Efficient $k$-NN Search in IoT Data: Overlap Optimization in Tree-Based Indexing Structures
Ala-Eddine Benrazek, Zineddine Kouahla, Brahim Farou, Hamid Seridi, Ibtissem Kemouguette
TL;DR
The paper tackles scalable $k$-NN search over massive IoT data by addressing overlap in tree-based partitions. It introduces three overlap-quantifying heuristics—Volume-Based Method ($VBM$), Distance-Based Method ($DBM$), and Object-Based Method ($OBM$)—and a preprocessing step using DBSCAN to enable overlap-aware index construction. Through simulations on Tracking and WARD datasets, $VBM$ consistently delivers balanced structures and fastest search performance, outperforming the baseline BCCF-tree in construction cost and query efficiency. The work advances real-time IoT data indexing by enabling scalable, low-overhead $k$-NN retrieval with adaptive overlap management.
Abstract
The proliferation of interconnected devices in the Internet of Things (IoT) has led to an exponential increase in data, commonly known as Big IoT Data. Efficient retrieval of this heterogeneous data demands a robust indexing mechanism for effective organization.

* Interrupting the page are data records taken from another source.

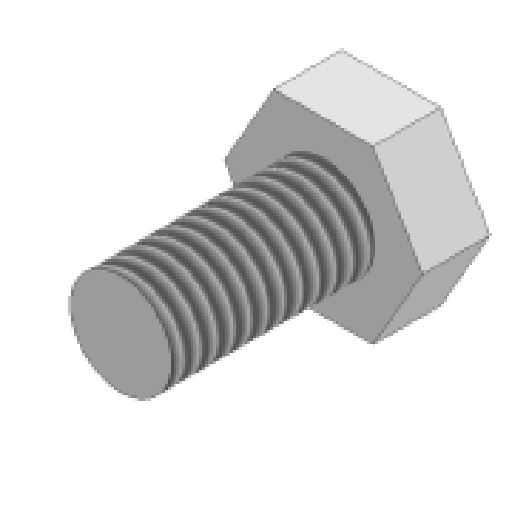
# Autodesk Inventor part: M3 screw_6mm
Saved by Autodesk Inventor 2023 (Build 270158000, 158)
## iProperties
Created: 2022-09-20
Part Number: M3 screw_6mm
Material: Generic
Document SubType Name: Modeling
Designer: CDT
Density: 1 g/cm^3
Appearance: Default
Author: CDT
Autodesk Inventor part; units mm, degrees
ref_plane "YZ Plane" through (0, 0, 0) normal (1, 0, 0) x (0, 1, 0)
ref_plane "XZ Plane" through (0, 0, 0) normal (0, 1, 0) x (-1, 0, 0)
ref_plane "XY Plane" through (0, 0, 0) normal (0, 0, 1) x (1, 0, 0)
sketch "Sketch1" plane through (0, 0, 0) normal (0, 0, 1) x (1, 0, 0)
  line L0 (1.4665, -2.54) -> (-1.4665, -2.54)
  line L1 (-1.4665, -2.54) -> (-2.9329, 0)
  line L2 (-2.9329, 0) -> (-1.4665, 2.54)
  line L3 (-1.4665, 2.54) -> (1.4665, 2.54)
  line L4 (1.4665, 2.54) -> (2.9329, 0)
  line L5 (2.9329, 0) -> (1.4665, -2.54)
  point P0 (0, 0)
  point P1 (0, 0)
  point P2 (0, -2.54)
  dimension "d1" = 2.54
  dimension "d2" = 2.54
  constraints: 12 end point, 1 coincident, 1 midpoint, 13 other
  measures "d1" distance from line of L0 point (0, 0)
  measures "d2" vertical distance of L0.end point (0, 0)
extrude "Extrusion1" add sketch "Sketch1" along normal blind 2
sketch "Sketch2" plane through (0, 0, 2) normal (0, 0, 1) x (1, 0, 0)
  circle A0 centre (0, 0) radius 1.5
  dimension "d5" = 3
  constraints: 1 centre point, 1 coincident
  measures "d5" diameter of A0
extrude "Extrusion2" add sketch "Sketch2" along normal blind 6
thread "Thread1" size "M3x0.5" class "6g" standard "ANSI Metric M Profile" full length
body "Solid1"
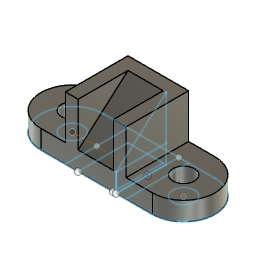
A2 (Autodesk Fusion 360 design; units mm, degrees)
Autodesk Fusion 360 part; units mm, degrees
sketch "BaseSketch" plane through (0, 0, 0) normal (0, 0, 1) x (1, 0, 0)
  line L0 (-77, -32) -> (37, -32)
  arc A0 (37, -32) -> (37, 32) centre (37, 0) ccw
  line L1 (37, 32) -> (-77, 32)
  arc A1 (-77, 32) -> (-77, -32) centre (-77, 0) ccw
  line L2 (-77, 0) -> (37, 0) construction
  circle A2 centre (-77, 0) radius 11
  circle A3 centre (37, 0) radius 11
  line L3 (-77, 0) -> (-52, 0) construction
  line L4 (-52, 32) -> (10, 32) construction
  line L5 (10, 32) -> (10, -32)
  line L6 (10, -32) -> (-52, -32) construction
  line L7 (-52, -32) -> (-52, 32)
  line L8 (-39, -32) -> (-39, 19)
  line L9 (-39, 19) -> (-3, 19)
  line L10 (-3, 19) -> (-3, -32)
  dimension "d2" = 64
  dimension "d3" = 22
  dimension "d4" = 22
  dimension "d5" = 25
  dimension "d6" = 62
  dimension "d7" = 13
  constraint tangent L0 A0
  constraint tangent A0 L1
  constraint parallel L0 L1
  constraint tangent L1 A1
  constraint tangent L0 A1
  constraint concentric A1 A2
  constraint concentric A0 A3
  constraint coincident A1.centre L2.start
  constraint parallel L2 L3
  constraint horizontal L4
  constraint vertical L5
  constraint horizontal L6
  constraint vertical L7
  constraint coincident L0 L5.end
  constraint coincident L1 L4.start
  measures "d2" diameter of A0
  measures "d3" diameter of A2
  measures "d4" diameter of A3
  measures "d5" distance of A1.centre L3.end
  measures "d6" distance of L4.start L4.end
extrude "Extrude1" add sketch "BaseSketch" along normal blind 19 contours L0 L1 A1 L7 | L0 A0 L1 L5 makes body 1 at (15.3333, 0, 0) makes body 2 at (-66.8333, 24.5088, 0)
extrude "Extrude2" add sketch "BaseSketch" along normal blind 64 contours L0 L1 L5 L7 L8 L9 L10 bodies 1 2
extrude "Extrude3" add sketch "BaseSketch" along normal blind 19 contours L0 L8 L9 L10 bodies 1
sketch "TriangleSketch" plane through (0, 0, 0) normal (1, 0, 0) x (0, 1, 0)
  line L0 (32, 0) -> (19, 0)
  line L1 (19, 0) -> (-32, 0)
  line L2 (19, 0) -> (-32, 0)
  line L3 (-32, 0) -> (-32, 19)
  line L4 (-32, 19) -> (19, 19)
  line L5 (19, 19) -> (19, 0)
  line L6 (19, 19) -> (19, 64)
  line L7 (19, 64) -> (-32, 19)
  dimension "d14" = 13
  dimension "d15" = 51
  dimension "d16" = 19
  constraint horizontal L0
  constraint parallel L0 L1
  constraint horizontal L2
  constraint vertical L3
  constraint horizontal L4
  constraint vertical L5
  constraint perpendicular L4 L6
  measures "d14" distance of L0.start L0.end
  measures "d15" distance of L0.end L1.end
  measures "d16" distance of L0.end L4.end
extrude "Extrude4" add sketch "TriangleSketch" against normal blind 36 from surface at -3 contours L4 L6 L7 bodies 1
named bodies: "MainBodyA2"
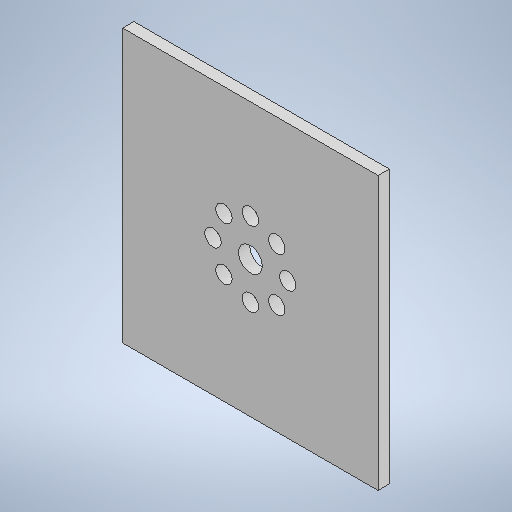
# Autodesk Inventor part: kosi_sita
Saved by Autodesk Inventor 2025.1 (Build 291241000, 241)
## iProperties
Created: 2024-08-31
Part Number: kosi_sita
Material: 一般
Document SubType Name: Modeling
Designer: right
Density: 1 g/cm^3
Appearance: 既定
Author: right
Autodesk Inventor part; units mm, degrees
ref_plane "YZ Plane" through (0, 0, 0) normal (1, 0, 0) x (0, 1, 0)
ref_plane "XZ Plane" through (0, 0, 0) normal (0, 1, 0) x (-1, 0, 0)
ref_plane "XY Plane" through (0, 0, 0) normal (0, 0, 1) x (1, 0, 0)
sketch "スケッチ1" plane through (0, 0, 0) normal (0, 0, 1) x (1, 0, 0)
  circle A0 centre (0, 0) radius 1.6
  circle A1 centre (0, 0) radius 5 construction
  circle A2 centre (0, 5) radius 1.1
  circle A3 centre (-3.5355, 3.5355) radius 1.1
  circle A4 centre (-5, 0) radius 1.1
  circle A5 centre (-3.5355, -3.5355) radius 1.1
  circle A6 centre (0, -5) radius 1.1
  circle A7 centre (3.5355, -3.5355) radius 1.1
  circle A8 centre (5, 0) radius 1.1
  circle A9 centre (3.5355, 3.5355) radius 1.1
  line L0 (-17.0862, -18.25) -> (17.0862, -18.25)
  line L1 (17.0862, -18.25) -> (17.0862, 18.25)
  line L2 (17.0862, 18.25) -> (-17.0862, 18.25)
  line L3 (-17.0862, 18.25) -> (-17.0862, -18.25)
  line L4 (-17.0862, -18.25) -> (17.0862, 18.25) construction
  line L5 (17.0862, -18.25) -> (-17.0862, 18.25) construction
  circle A10 centre (0, 0) radius 25
  line L6 (17.0862, 0) -> (-17.0862, 0) construction
  line L7 (-5, -18.25) -> (5, -18.25)
  line L8 (0, 18.25) -> (0, 0) construction
  dimension "d1" = 10
  dimension "d11" = 50
  dimension "d0" = 3.2
  dimension "d2" = 2.2
  dimension "d5" = 360
  dimension "d18" = 36.5
  dimension "d19" = 34.1724
  constraints: 18 end point, 9 centre point, 5 midpoint, 3 coincident, 3 vertical alignment, 2 parallel, 1 horizontal, 1 perpendicular, 22 other
  measures "d0" diameter of A0
  measures "d2" diameter of A2
  measures "d18" distance from line of L7.start L2
  measures "d19" distance of L1.end L2.end
extrude "押し出し1" add sketch "スケッチ1" along normal blind 1.5 contours L3 L2 L1 L0
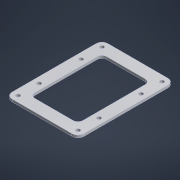
# Autodesk Inventor part: P018
Saved by Autodesk Inventor 2021.3 (Build 253353000, 353)
## iProperties
Company: HES-SO
Created: 2022-05-28
Part Number: P018
Material: Polytetrafluoroethylene
Document SubType Name: Modeling
Designer: HER & ZAE
Density: 2.02 g/cm^3
Appearance: PTFE
Mass: 9.39799 g
Surface Area: 57.4453 cm^2
Volume: 4.65247 cm^3
Author: HER & ZAE
Title: Joint Carter Chapeau
Autodesk Inventor part; units mm, degrees
ref_plane "YZ Plane" through (0, 0, 0) normal (1, 0, 0) x (0, 1, 0)
ref_plane "XZ Plane" through (0, 0, 0) normal (0, 1, 0) x (-1, 0, 0)
ref_plane "XY Plane" through (0, 0, 0) normal (0, 0, 1) x (1, 0, 0)
sketch "Sketch2" plane through (0, 0, 0) normal (0, 0, 1) x (1, 0, 0)
  arc A0 (-30, -45) -> (-25, -50) centre (-25, -45) ccw projected
  line L0 (-25, -50) -> (25, -50) projected
  arc A1 (25, -50) -> (30, -45) centre (25, -45) ccw projected
  line L1 (30, -45) -> (30, 25) projected
  arc A2 (30, 25) -> (25, 30) centre (25, 25) ccw projected
  line L2 (25, 30) -> (-25, 30) projected
  arc A3 (-25, 30) -> (-30, 25) centre (-25, 25) ccw projected
  line L3 (-30, 25) -> (-30, -45) projected
  circle A4 centre (25, -27.5) radius 1.621 projected
  circle A5 centre (-25, 7.5) radius 1.621 projected
  circle A6 centre (-25, 25) radius 1.621 projected
  circle A7 centre (25, -45) radius 1.621 projected
  circle A8 centre (-25, -45) radius 1.621 projected
  circle A9 centre (25, 25) radius 1.621 projected
  circle A10 centre (-25, -27.5) radius 1.621 projected
  circle A11 centre (25, 7.5) radius 1.621 projected
  line L4 (16, -40) -> (-16, -40) projected
  arc A12 (-20, -36) -> (-16, -40) centre (-16, -36) ccw projected
  line L5 (-20, -36) -> (-20, 16) projected
  arc A13 (-16, 20) -> (-20, 16) centre (-16, 16) ccw projected
  line L6 (-16, 20) -> (16, 20) projected
  arc A14 (20, 16) -> (16, 20) centre (16, 16) ccw projected
  line L7 (20, 16) -> (20, -36) projected
  arc A15 (16, -40) -> (20, -36) centre (16, -36) ccw projected
extrude "Extrusion1" add sketch "Sketch2" against normal blind 2
body "Solid1"

However, a significant challenge remains: the overlap in data space partitions during index construction. This overlap increases node access during search and retrieval, resulting in higher resource consumption, performance bottlenecks, and impedes system scalability. To address this issue, we propose three innovative heuristics designed to quantify and strategically reduce data space partition overlap. The volume-based method (VBM) offers a detailed assessment by calculating the intersection volume between partitions, providing deeper insights into spatial relationships. The distance-based method (DBM) enhances efficiency by using the distance between partition centers and radii to evaluate overlap, offering a streamlined yet accurate approach. Finally, the object-based method (OBM) provides a practical solution by counting objects across multiple partitions, delivering an intuitive understanding of data space dynamics. Experimental results demonstrate the effectiveness of these methods in reducing search time, underscoring their potential to improve data space partitioning and enhance overall system performance.